The somber ducks but with only a thin left border matching the shape of the applied mask.

Next, we’ll need to leverage a powerful aspect of the mask property: declaring multiple values. Multiple masks will sit directly on top of one another, so we’ll add a declaration for our rectangle shape that makes it only take up the remaining space:

  • Set the rectangle shape’s position to the opposite side of our border.
  • Set the width of the rectangle to 100% of the element width minus our border width using calc(). This may require a bit of fiddling to avoid 1px of blank space.
  • Vertically repeat the rectangle mask.
.masked-image: url(“images/border.svg”) left / 16px repeat-y,
               url(“images/rect.svg”) right / calc(100% - 16px) repeat-y;

Final result

With the -webkit- prefix, this works in every browser but IE, where it defaults to the maskless image.

The same somber ducks but with a fancy left-hand SVG shape border applied

That’s it! I made a CodePen that contains a set of examples for doing this on different sides of your element. 

OBS Studio Scenes

James Santucci

This month I learned how to use scenes in OBS Studio. One of my goals is to get better at writing and talking about software development, and to that end I’ve been trying to work up the guts and practice the skills to produce a video series on the joy of functional programming. Long-term I’d like to learn in public with as much enthusiasm and humility as Rollie Williams, but short-term I’m working on figuring out how basic streaming and recording software works.
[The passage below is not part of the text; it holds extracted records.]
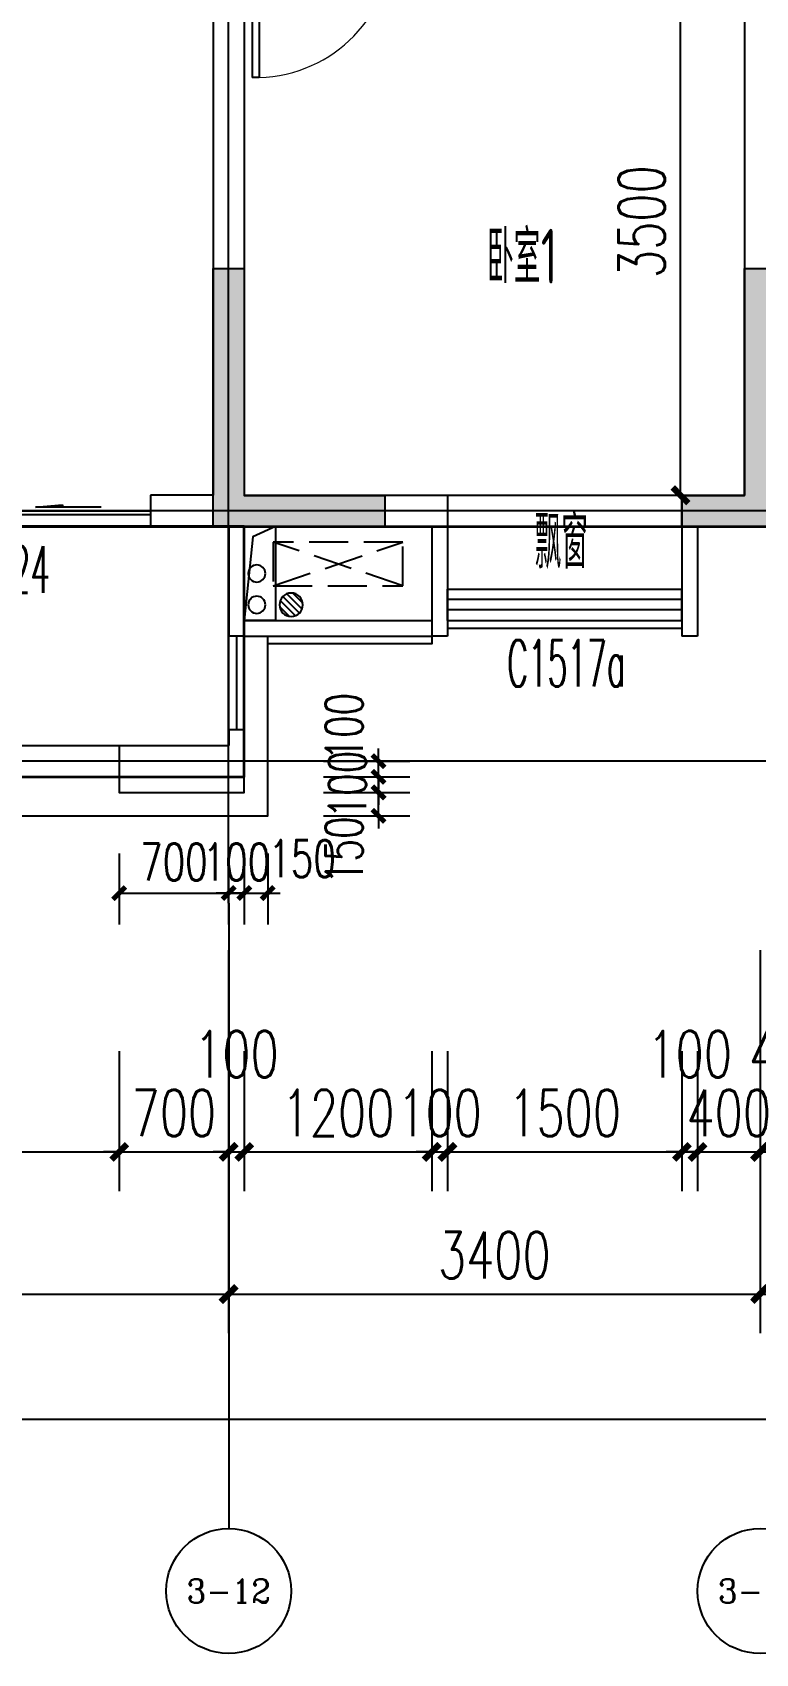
# Model space of a CAD drawing. Extents: x -59851 to 653804, y -249523 to 437614.
# Drawn here: x -21569 to -16943, y -117103 to -106734 of the extents above; entities that cross this region are included whole.
import ezdxf
from ezdxf.enums import TextEntityAlignment as Align

# ---------------------------------------------------------------- set-up
doc = ezdxf.new("R2010")
doc.units = 0
doc.header["$LTSCALE"] = 1000
doc.header["$MEASUREMENT"] = 0
doc.linetypes.add('DASH', pattern=[0.35, 0.25, -0.1])
for name, color, linetype, lineweight in [('33计一半面积外廓线', 53, 'Continuous', 35), ('33计全面积外廓线', 21, 'Continuous', 35), ('A-第四道尺寸线(线脚尺寸)', 105, 'Continuous', 5)]:
    doc.layers.add(name, color=color, linetype=linetype, lineweight=lineweight)
for name, color, linetype in [('_S-YS(雨水管)', 3, 'Continuous'), ('_S-空调立管', 7, 'Continuous'), ('A-外装饰线脚', 7, 'Continuous'), ('A-洞口', 105, 'Continuous'), ('A-看线', 105, 'Continuous'), ('A-空调室外机', 5, 'DASH'), ('A-第三道尺寸线', 105, 'Continuous'), ('A-线脚看线', 9, 'Continuous'), ('AE-FLOR', 151, 'Continuous'), ('AXIS', 3, 'Continuous'), ('AXIS_TEXT', 7, 'Continuous'), ('DOTE', 16, 'Continuous'), ('NL', 5, 'Continuous'), ('PUB_HATCH', 8, 'Continuous'), ('PUB_TEXT', 7, 'Continuous'), ('WALL', 2, 'Continuous'), ('WINDOW', 4, 'Continuous'), ('WINDOW_TEXT', 7, 'Continuous'), ('剪力墙', 6, 'Continuous'), ('栏杆', 142, 'Continuous')]:
    doc.layers.add(name, color=color, linetype=linetype)
doc.layers.add('A-area(算半面积)', color=23, linetype='Continuous', plot=False)
doc.styles.add('_TCH_AXIS', font='COMPLEX', dxfattribs={"bigfont": 'GBCBIG'})
doc.styles.add('_TCH_DIM_T3', font='SIMPLEX.shx', dxfattribs={"width": 0.705882, "bigfont": 'GBCBIG.shx'})
doc.styles.add('_TCH_WINDOW', font='SIMPLEX.shx', dxfattribs={"width": 0.7, "height": 3.5, "bigfont": 'GBCBIG.shx'})
doc.styles.add('COMPLEX', font='COMPLEX')
doc.styles.get("Standard").update_dxf_attribs({"font": 'gbenor.shx', "width": 0.7, "bigfont": 'gbcbig.shx'})
doc.dimstyles.new('_TCH_ARCH&&100', dxfattribs={"dimtxt": 297.5, "dimasz": 100, "dimexe": 250, "dimexo": 300, "dimgap": 100, "dimtad": 1, "dimdec": 0, "dimzin": 0, "dimdsep": 46, "dimtxsty": '_TCH_DIM_T3', "dimblk": 'ARCHTICK', "dimcen": 0.09, "dimclrt": 7, "dimazin": 2, "dimtfac": 1, "dimtdec": 0, "dimtix": 1, "dimtmove": 2, "dimatfit": 3, "dimfxl": 0, "dimtolj": 1, "dimtzin": 0, "dimarcsym": 0})
doc.dimstyles.new('_TCH_ARCH&&80', dxfattribs={"dimtxt": 238, "dimasz": 80, "dimexe": 200, "dimexo": 240, "dimgap": 80, "dimtad": 1, "dimdec": 0, "dimzin": 0, "dimdsep": 46, "dimtxsty": '_TCH_DIM_T3', "dimblk": 'ARCHTICK', "dimcen": 0.09, "dimclrt": 7, "dimazin": 2, "dimtfac": 1, "dimtdec": 0, "dimtix": 1, "dimtmove": 2, "dimatfit": 3, "dimfxl": 0, "dimtolj": 1, "dimtzin": 0, "dimarcsym": 0})

# ---------------------------------------------------------------- blocks, each defined once
blk = doc.blocks.new('18fjlq0329')
at = {"layer": 'PUB_HATCH'}
for points in [[(-20414, -27895), (-20214, -27895), (-20214, -29345), (-19314, -29345), (-19314, -29545), (-20414, -29545)], [(-17414, -29545), (-17414, -29345), (-17014, -29345), (-17014, -27895), (-16814, -27895), (-16814, -29345), (-16414, -29345), (-16414, -29545)]]:
    blk.add_hatch(color=256, dxfattribs=at).paths.add_polyline_path(points)
at = {"layer": '剪力墙'}
blk.add_lwpolyline([(-20414, -27895), (-20214, -27895), (-20214, -29345), (-19314, -29345), (-19314, -29545), (-20414, -29545)], close=True, dxfattribs=at)
for points in [[(-17414, -29545), (-17414, -29345), (-17014, -29345), (-17014, -27895), (-16814, -27895), (-16814, -29345), (-16414, -29345), (-16414, -29545), (-17414, -29545), (-16814, -29545)], [(-20414, -29345), (-20414, -29345)]]:
    blk.add_lwpolyline(points, dxfattribs=at)
blk = doc.blocks.new('zhouxianssceng0329')
at = {"layer": 'DOTE'}
for p, q in [((-20314, 132090), (-20314, 143398)), ((5501, 134598), (-44989, 134598)), ((5501, 132998), (-44989, 132998))]:
    blk.add_line(p, q, dxfattribs=at)
blk = doc.blocks.new('188xj0329')
blk.add_lwpolyline([(-27364, -34167), (-27364, -36017), (-20064, -36017), (-20064, -34867)])
at = {"layer": 'A-外装饰线脚'}
blk.add_lwpolyline([(-21014, -35767), (-21014, -35867), (-20214, -35867), (-20214, -35767)], dxfattribs=at)
at = {"layer": 'A-线脚看线'}
for points in [[(-18914, -34817), (-17414, -34817)], [(-19014, -34867), (-19014, -34917), (-20064, -34917)]]:
    blk.add_lwpolyline(points, dxfattribs=at)
blk = doc.blocks.new('jfdsajjfjkjhhj')
at = {"layer": 'A-洞口'}
blk.add_lwpolyline([(-56304, 137588), (-56104, 137588), (-56104, 136988), (-56304, 136988)], close=True, dxfattribs=at)
blk.add_lwpolyline([(-56104, 137588), (-56249, 137522), (-56304, 136988)], dxfattribs=at)
blk = doc.blocks.new('qudiao3ge')
blk.add_blockref('jfdsajjfjkjhhj', (100659, -199741))
blk = doc.blocks.new('_ArchTick')
at = {"color": 0, "linetype": 'ByBlock', "const_width": 0.4}
blk.add_lwpolyline([(-0.5, -0.5), (0.5, 0.5)], dxfattribs=at)
blk = doc.blocks.new('*D543')
at = {"layer": 'A-第四道尺寸线(线脚尺寸)', "color": 0, "lineweight": -2, "transparency": 16777216}
for p, q in [((-19708, -104602), (-19155, -104602)), ((-19355, -104602), (-19355, -104522)), ((-19355, -104702), (-19355, -104602)), ((-19708, -104702), (-19155, -104702)), ((-19355, -104702), (-19355, -104782))]:
    blk.add_line(p, q, dxfattribs=at)
at = {"layer": 'Defpoints', "color": 0, "transparency": 16777216}
for p in [(-19948, -104602), (-19355, -104602), (-19948, -104702)]:
    blk.add_point(p, dxfattribs=at)
at = {"layer": 'A-第四道尺寸线(线脚尺寸)', "color": 0, "lineweight": -2, "transparency": 16777216, "xscale": 80, "yscale": 80, "zscale": 80}
for p, rotation in [((-19355, -104602), 270), ((-19355, -104702), 90)]:
    blk.add_blockref('_ArchTick', p, dxfattribs=dict(at, rotation=rotation))
at = {"layer": 'A-第四道尺寸线(线脚尺寸)', "color": 7, "transparency": 16777216, "insert": (-19575, -104382), "char_height": 238, "attachment_point": 5, "rotation": 90, "style": '_TCH_DIM_T3'}
blk.add_mtext('\\A1;100', dxfattribs=at)
blk = doc.blocks.new('*D544')
at = {"layer": 'A-第四道尺寸线(线脚尺寸)', "color": 0, "lineweight": -2, "transparency": 16777216}
for p, q in [((-19708, -104702), (-19155, -104702)), ((-19355, -104702), (-19355, -104622)), ((-19355, -104802), (-19355, -104702)), ((-19708, -104802), (-19155, -104802)), ((-19355, -104802), (-19355, -104882))]:
    blk.add_line(p, q, dxfattribs=at)
at = {"layer": 'Defpoints', "color": 0, "transparency": 16777216}
for p in [(-19948, -104702), (-19355, -104702), (-19948, -104802)]:
    blk.add_point(p, dxfattribs=at)
at = {"layer": 'A-第四道尺寸线(线脚尺寸)', "color": 0, "lineweight": -2, "transparency": 16777216, "xscale": 80, "yscale": 80, "zscale": 80}
for p, rotation in [((-19355, -104702), 270), ((-19355, -104802), 90)]:
    blk.add_blockref('_ArchTick', p, dxfattribs=dict(at, rotation=rotation))
at = {"layer": 'A-第四道尺寸线(线脚尺寸)', "color": 7, "transparency": 16777216, "insert": (-19554, -104752), "char_height": 238, "attachment_point": 5, "rotation": 90, "style": '_TCH_DIM_T3'}
blk.add_mtext('\\A1;100', dxfattribs=at)
blk = doc.blocks.new('*D545')
at = {"layer": 'A-第四道尺寸线(线脚尺寸)', "color": 0, "lineweight": -2, "transparency": 16777216}
for p, q in [((-19355, -104802), (-19355, -104722)), ((-19708, -104802), (-19155, -104802)), ((-19355, -104952), (-19355, -104802)), ((-19708, -104952), (-19155, -104952)), ((-19355, -104952), (-19355, -105032))]:
    blk.add_line(p, q, dxfattribs=at)
at = {"layer": 'Defpoints', "color": 0, "transparency": 16777216}
for p in [(-19948, -104802), (-19355, -104802), (-19948, -104952)]:
    blk.add_point(p, dxfattribs=at)
at = {"layer": 'A-第四道尺寸线(线脚尺寸)', "color": 0, "lineweight": -2, "transparency": 16777216, "xscale": 80, "yscale": 80, "zscale": 80}
for p, rotation in [((-19355, -104802), 270), ((-19355, -104952), 90)]:
    blk.add_blockref('_ArchTick', p, dxfattribs=dict(at, rotation=rotation))
at = {"layer": 'A-第四道尺寸线(线脚尺寸)', "color": 7, "transparency": 16777216, "insert": (-19575, -105172), "char_height": 238, "attachment_point": 5, "rotation": 90, "style": '_TCH_DIM_T3'}
blk.add_mtext('\\A1;150', dxfattribs=at)
blk = doc.blocks.new('*D546')
at = {"layer": 'A-第四道尺寸线(线脚尺寸)', "color": 0, "lineweight": -2, "transparency": 16777216}
for p, q in [((-20214, -105192), (-20214, -105646)), ((-20064, -105192), (-20064, -105646)), ((-20214, -105446), (-20294, -105446)), ((-20214, -105446), (-20064, -105446)), ((-20064, -105446), (-19984, -105446))]:
    blk.add_line(p, q, dxfattribs=at)
at = {"layer": 'Defpoints', "color": 0, "transparency": 16777216}
for p in [(-20214, -104952), (-20064, -104952), (-20064, -105446)]:
    blk.add_point(p, dxfattribs=at)
at = {"layer": 'A-第四道尺寸线(线脚尺寸)', "color": 0, "lineweight": -2, "transparency": 16777216, "xscale": 80, "yscale": 80, "zscale": 80}
blk.add_blockref('_ArchTick', (-20214, -105446), dxfattribs=at)
at = {"layer": 'A-第四道尺寸线(线脚尺寸)', "color": 0, "lineweight": -2, "transparency": 16777216, "xscale": 80, "yscale": 80, "zscale": 80, "rotation": 180}
blk.add_blockref('_ArchTick', (-20064, -105446), dxfattribs=at)
at = {"layer": 'A-第四道尺寸线(线脚尺寸)', "color": 7, "transparency": 16777216, "insert": (-19844, -105226), "char_height": 238, "attachment_point": 5, "style": '_TCH_DIM_T3'}
blk.add_mtext('\\A1;150', dxfattribs=at)
blk = doc.blocks.new('*D547')
at = {"layer": 'A-第四道尺寸线(线脚尺寸)', "color": 0, "lineweight": -2, "transparency": 16777216}
for p, q in [((-20314, -105192), (-20314, -105646)), ((-20214, -105192), (-20214, -105646)), ((-20314, -105446), (-20394, -105446)), ((-20314, -105446), (-20214, -105446)), ((-20214, -105446), (-20134, -105446))]:
    blk.add_line(p, q, dxfattribs=at)
at = {"layer": 'Defpoints', "color": 0, "transparency": 16777216}
for p in [(-20314, -104952), (-20214, -104952), (-20214, -105446)]:
    blk.add_point(p, dxfattribs=at)
at = {"layer": 'A-第四道尺寸线(线脚尺寸)', "color": 0, "lineweight": -2, "transparency": 16777216, "xscale": 80, "yscale": 80, "zscale": 80}
blk.add_blockref('_ArchTick', (-20314, -105446), dxfattribs=at)
at = {"layer": 'A-第四道尺寸线(线脚尺寸)', "color": 0, "lineweight": -2, "transparency": 16777216, "xscale": 80, "yscale": 80, "zscale": 80, "rotation": 180}
blk.add_blockref('_ArchTick', (-20214, -105446), dxfattribs=at)
at = {"layer": 'A-第四道尺寸线(线脚尺寸)', "color": 7, "transparency": 16777216, "insert": (-20264, -105247), "char_height": 238, "attachment_point": 5, "style": '_TCH_DIM_T3'}
blk.add_mtext('\\A1;100', dxfattribs=at)
blk = doc.blocks.new('*D548')
at = {"layer": 'A-第四道尺寸线(线脚尺寸)', "color": 0, "lineweight": -2, "transparency": 16777216}
for p, q in [((-21014, -105192), (-21014, -105646)), ((-20314, -105192), (-20314, -105646)), ((-21014, -105446), (-20314, -105446))]:
    blk.add_line(p, q, dxfattribs=at)
at = {"layer": 'Defpoints', "color": 0, "transparency": 16777216}
for p in [(-21014, -104952), (-20314, -104952), (-20314, -105446)]:
    blk.add_point(p, dxfattribs=at)
at = {"layer": 'A-第四道尺寸线(线脚尺寸)', "color": 0, "lineweight": -2, "transparency": 16777216, "xscale": 80, "yscale": 80, "zscale": 80, "rotation": 180}
blk.add_blockref('_ArchTick', (-21014, -105446), dxfattribs=at)
at = {"layer": 'A-第四道尺寸线(线脚尺寸)', "color": 0, "lineweight": -2, "transparency": 16777216, "xscale": 80, "yscale": 80, "zscale": 80}
blk.add_blockref('_ArchTick', (-20314, -105446), dxfattribs=at)
at = {"layer": 'A-第四道尺寸线(线脚尺寸)', "color": 7, "transparency": 16777216, "insert": (-20664, -105247), "char_height": 238, "attachment_point": 5, "style": '_TCH_DIM_T3'}
blk.add_mtext('\\A1;700', dxfattribs=at)
blk = doc.blocks.new('_LV13')
at = {"color": 0}
for p, q in [((-0.071, 0.495), (-0.495, 0.071)), ((0.183, 0.465), (-0.465, -0.183)), ((0.354, 0.354), (-0.354, -0.354)), ((0.465, 0.183), (-0.183, -0.465)), ((0.495, -0.071), (0.071, -0.495))]:
    blk.add_line(p, q, dxfattribs=at)
blk.add_circle((0, 0), 0.5)
blk = doc.blocks.new('jfdsjajkjkjkjkh')
at = {"layer": '_S-YS(雨水管)'}
blk.add_lwpolyline([(-20079, 137288, 1), (-20189, 137288, 1)], format="xyb", close=True, dxfattribs=at)
at = {"layer": '_S-空调立管'}
blk.add_lwpolyline([(-20079, 137088, 1), (-20189, 137088, 1)], format="xyb", close=True, dxfattribs=at)
at = {"layer": 'NL', "ltscale": 0.5, "extrusion": (0, 0, -1), "xscale": 150, "yscale": 150, "zscale": -150}
blk.add_blockref('_LV13', (19914, 137088), dxfattribs=at)
blk = doc.blocks.new('ktswaj')
at = {"linetype": 'DASH'}
blk.add_lwpolyline([(15990, 179083), (15990, 178253), (16268, 178253), (16268, 179083)], close=True, dxfattribs=at)
for points in [[(15990, 179083), (16268, 178253)], [(15990, 178253), (16268, 179083)]]:
    blk.add_lwpolyline(points, dxfattribs=at)
blk = doc.blocks.new('*D847')
at = {"layer": 'A-第三道尺寸线', "color": 0, "lineweight": -2, "transparency": 16777216}
for p, q in [((-17714, -106194), (-17173, -106194)), ((-17423, -109694), (-17423, -106194)), ((-17714, -109694), (-17173, -109694))]:
    blk.add_line(p, q, dxfattribs=at)
at = {"layer": 'Defpoints', "color": 0, "transparency": 16777216}
for p in [(-18014, -106194), (-17423, -106194), (-18014, -109694)]:
    blk.add_point(p, dxfattribs=at)
at = {"layer": 'A-第三道尺寸线', "color": 0, "lineweight": -2, "transparency": 16777216, "xscale": 100, "yscale": 100, "zscale": 100}
for p, rotation in [((-17423, -106194), 90), ((-17423, -109694), 270)]:
    blk.add_blockref('_ArchTick', p, dxfattribs=dict(at, rotation=rotation))
at = {"layer": 'A-第三道尺寸线', "color": 7, "transparency": 16777216, "insert": (-17671, -107944), "char_height": 297.5, "attachment_point": 5, "rotation": 90, "style": '_TCH_DIM_T3'}
blk.add_mtext('\\A1;3500', dxfattribs=at)
blk = doc.blocks.new('*D1793')
at = {"layer": 'A-第三道尺寸线', "color": 0, "lineweight": -2, "transparency": 16777216}
for p, q in [((-16914, -113250), (-16914, -114144)), ((-16514, -113250), (-16514, -114144)), ((-16914, -113894), (-16514, -113894))]:
    blk.add_line(p, q, dxfattribs=at)
at = {"layer": 'Defpoints', "color": 0, "transparency": 16777216}
for p in [(-16914, -112950), (-16514, -112950), (-16514, -113894)]:
    blk.add_point(p, dxfattribs=at)
at = {"layer": 'A-第三道尺寸线', "color": 0, "lineweight": -2, "transparency": 16777216, "xscale": 100, "yscale": 100, "zscale": 100, "rotation": 180}
blk.add_blockref('_ArchTick', (-16914, -113894), dxfattribs=at)
at = {"layer": 'A-第三道尺寸线', "color": 0, "lineweight": -2, "transparency": 16777216, "xscale": 100, "yscale": 100, "zscale": 100}
blk.add_blockref('_ArchTick', (-16514, -113894), dxfattribs=at)
at = {"layer": 'A-第三道尺寸线', "color": 7, "transparency": 16777216, "insert": (-16714, -113269), "char_height": 297.5, "attachment_point": 5, "style": '_TCH_DIM_T3'}
blk.add_mtext('\\A1;400', dxfattribs=at)
blk = doc.blocks.new('*D1794')
at = {"layer": 'A-第三道尺寸线', "color": 0, "lineweight": -2, "transparency": 16777216}
for p, q in [((-17314, -113250), (-17314, -114144)), ((-16914, -113250), (-16914, -114144)), ((-17314, -113894), (-17414, -113894)), ((-17314, -113894), (-16914, -113894)), ((-16914, -113894), (-16814, -113894))]:
    blk.add_line(p, q, dxfattribs=at)
at = {"layer": 'Defpoints', "color": 0, "transparency": 16777216}
for p in [(-17314, -112950), (-16914, -112950), (-16914, -113894)]:
    blk.add_point(p, dxfattribs=at)
at = {"layer": 'A-第三道尺寸线', "color": 0, "lineweight": -2, "transparency": 16777216, "xscale": 100, "yscale": 100, "zscale": 100}
blk.add_blockref('_ArchTick', (-17314, -113894), dxfattribs=at)
at = {"layer": 'A-第三道尺寸线', "color": 0, "lineweight": -2, "transparency": 16777216, "xscale": 100, "yscale": 100, "zscale": 100, "rotation": 180}
blk.add_blockref('_ArchTick', (-16914, -113894), dxfattribs=at)
at = {"layer": 'A-第三道尺寸线', "color": 7, "transparency": 16777216, "insert": (-17114, -113645), "char_height": 297.5, "attachment_point": 5, "style": '_TCH_DIM_T3'}
blk.add_mtext('\\A1;400', dxfattribs=at)
blk = doc.blocks.new('*D1795')
at = {"layer": 'A-第三道尺寸线', "color": 0, "lineweight": -2, "transparency": 16777216}
for p, q in [((-17414, -113250), (-17414, -114144)), ((-17314, -113250), (-17314, -114144)), ((-17414, -113894), (-17514, -113894)), ((-17414, -113894), (-17314, -113894)), ((-17314, -113894), (-17214, -113894))]:
    blk.add_line(p, q, dxfattribs=at)
at = {"layer": 'Defpoints', "color": 0, "transparency": 16777216}
for p in [(-17414, -112950), (-17314, -112950), (-17314, -113894)]:
    blk.add_point(p, dxfattribs=at)
at = {"layer": 'A-第三道尺寸线', "color": 0, "lineweight": -2, "transparency": 16777216, "xscale": 100, "yscale": 100, "zscale": 100}
blk.add_blockref('_ArchTick', (-17414, -113894), dxfattribs=at)
at = {"layer": 'A-第三道尺寸线', "color": 0, "lineweight": -2, "transparency": 16777216, "xscale": 100, "yscale": 100, "zscale": 100, "rotation": 180}
blk.add_blockref('_ArchTick', (-17314, -113894), dxfattribs=at)
at = {"layer": 'A-第三道尺寸线', "color": 7, "transparency": 16777216, "insert": (-17364, -113269), "char_height": 297.5, "attachment_point": 5, "style": '_TCH_DIM_T3'}
blk.add_mtext('\\A1;100', dxfattribs=at)
blk = doc.blocks.new('*D1796')
at = {"layer": 'A-第三道尺寸线', "color": 0, "lineweight": -2, "transparency": 16777216}
for p, q in [((-18914, -113250), (-18914, -114144)), ((-17414, -113250), (-17414, -114144)), ((-18914, -113894), (-17414, -113894))]:
    blk.add_line(p, q, dxfattribs=at)
at = {"layer": 'Defpoints', "color": 0, "transparency": 16777216}
for p in [(-18914, -112950), (-17414, -112950), (-17414, -113894)]:
    blk.add_point(p, dxfattribs=at)
at = {"layer": 'A-第三道尺寸线', "color": 0, "lineweight": -2, "transparency": 16777216, "xscale": 100, "yscale": 100, "zscale": 100, "rotation": 180}
blk.add_blockref('_ArchTick', (-18914, -113894), dxfattribs=at)
at = {"layer": 'A-第三道尺寸线', "color": 0, "lineweight": -2, "transparency": 16777216, "xscale": 100, "yscale": 100, "zscale": 100}
blk.add_blockref('_ArchTick', (-17414, -113894), dxfattribs=at)
at = {"layer": 'A-第三道尺寸线', "color": 7, "transparency": 16777216, "insert": (-18164, -113645), "char_height": 297.5, "attachment_point": 5, "style": '_TCH_DIM_T3'}
blk.add_mtext('\\A1;1500', dxfattribs=at)
blk = doc.blocks.new('*D1797')
at = {"layer": 'A-第三道尺寸线', "color": 0, "lineweight": -2, "transparency": 16777216}
for p, q in [((-19014, -113250), (-19014, -114144)), ((-18914, -113250), (-18914, -114144)), ((-19014, -113894), (-19114, -113894)), ((-19014, -113894), (-18914, -113894)), ((-18914, -113894), (-18814, -113894))]:
    blk.add_line(p, q, dxfattribs=at)
at = {"layer": 'Defpoints', "color": 0, "transparency": 16777216}
for p in [(-19014, -112950), (-18914, -112950), (-18914, -113894)]:
    blk.add_point(p, dxfattribs=at)
at = {"layer": 'A-第三道尺寸线', "color": 0, "lineweight": -2, "transparency": 16777216, "xscale": 100, "yscale": 100, "zscale": 100}
blk.add_blockref('_ArchTick', (-19014, -113894), dxfattribs=at)
at = {"layer": 'A-第三道尺寸线', "color": 0, "lineweight": -2, "transparency": 16777216, "xscale": 100, "yscale": 100, "zscale": 100, "rotation": 180}
blk.add_blockref('_ArchTick', (-18914, -113894), dxfattribs=at)
at = {"layer": 'A-第三道尺寸线', "color": 7, "transparency": 16777216, "insert": (-18964, -113645), "char_height": 297.5, "attachment_point": 5, "style": '_TCH_DIM_T3'}
blk.add_mtext('\\A1;100', dxfattribs=at)
blk = doc.blocks.new('*D1798')
at = {"layer": 'A-第三道尺寸线', "color": 0, "lineweight": -2, "transparency": 16777216}
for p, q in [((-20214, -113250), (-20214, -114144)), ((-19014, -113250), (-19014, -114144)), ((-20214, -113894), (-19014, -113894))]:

bookshelf with a copy of The Joy of Cooking on it
Imagine a blog series basically like this, but you don’t get any tasty food at the end.

I’ve watched streams of video games and software development and assumed that mixing different scenes was some kind of arcane magic, but actually it’s really easy!

Getting started

The two concepts to keep in mind are scenes and sources. A source is something that produces audio, video, or an image. It can be a file, an input device of some sort, screen capture, or other similar things.

OBS studio input menu
All of the things that can be “sources” in OBS Studio.

A scene is a group of sources arranged in a particular way. For example, if you’ve arranged a video capture in a bottom corner and a screen share just so, that arrangement, along with any other sources you’ve included like audio capture, are a scene.

screenshot of James' demo, with his face in a corner with his blog-drafting screen in the background
If you remove all clutter from your scenes, your OBS setup can spark much joy.

Where I thought things would be tricky is in reusing components across scenes, but it turns out that’s not the case. It turns out to reuse a source – including configuration about where it is in your recording and any audio filters you have applied – you can just copy and paste it between scenes. That copy grabs the capture device and configuration for where it is on the screen, opacity, and anything else that I don’t even know about yet feels really powerful. Also, while recording, to switch between scenes… you click the scene you want to switch to. This experience was a reminder to me that most things that I think are magic probably aren’t.

I attended STAC Sprint 6 in mid-August and had a chance to try out what I’d learned. Since the sprint was fully remote, the end-of-sprint wrap up included creating and submitting a video about what you worked on. This was a chance for me to practice with a short video.

Final result

Here’s the video I produced, with scenes for the STAC logo + my talking head, a picture of one of the problems I was trying to solve + my talking head, and a screen capture + my talking head.

There’s a lot of my talking head and you can stop watching whenever you want.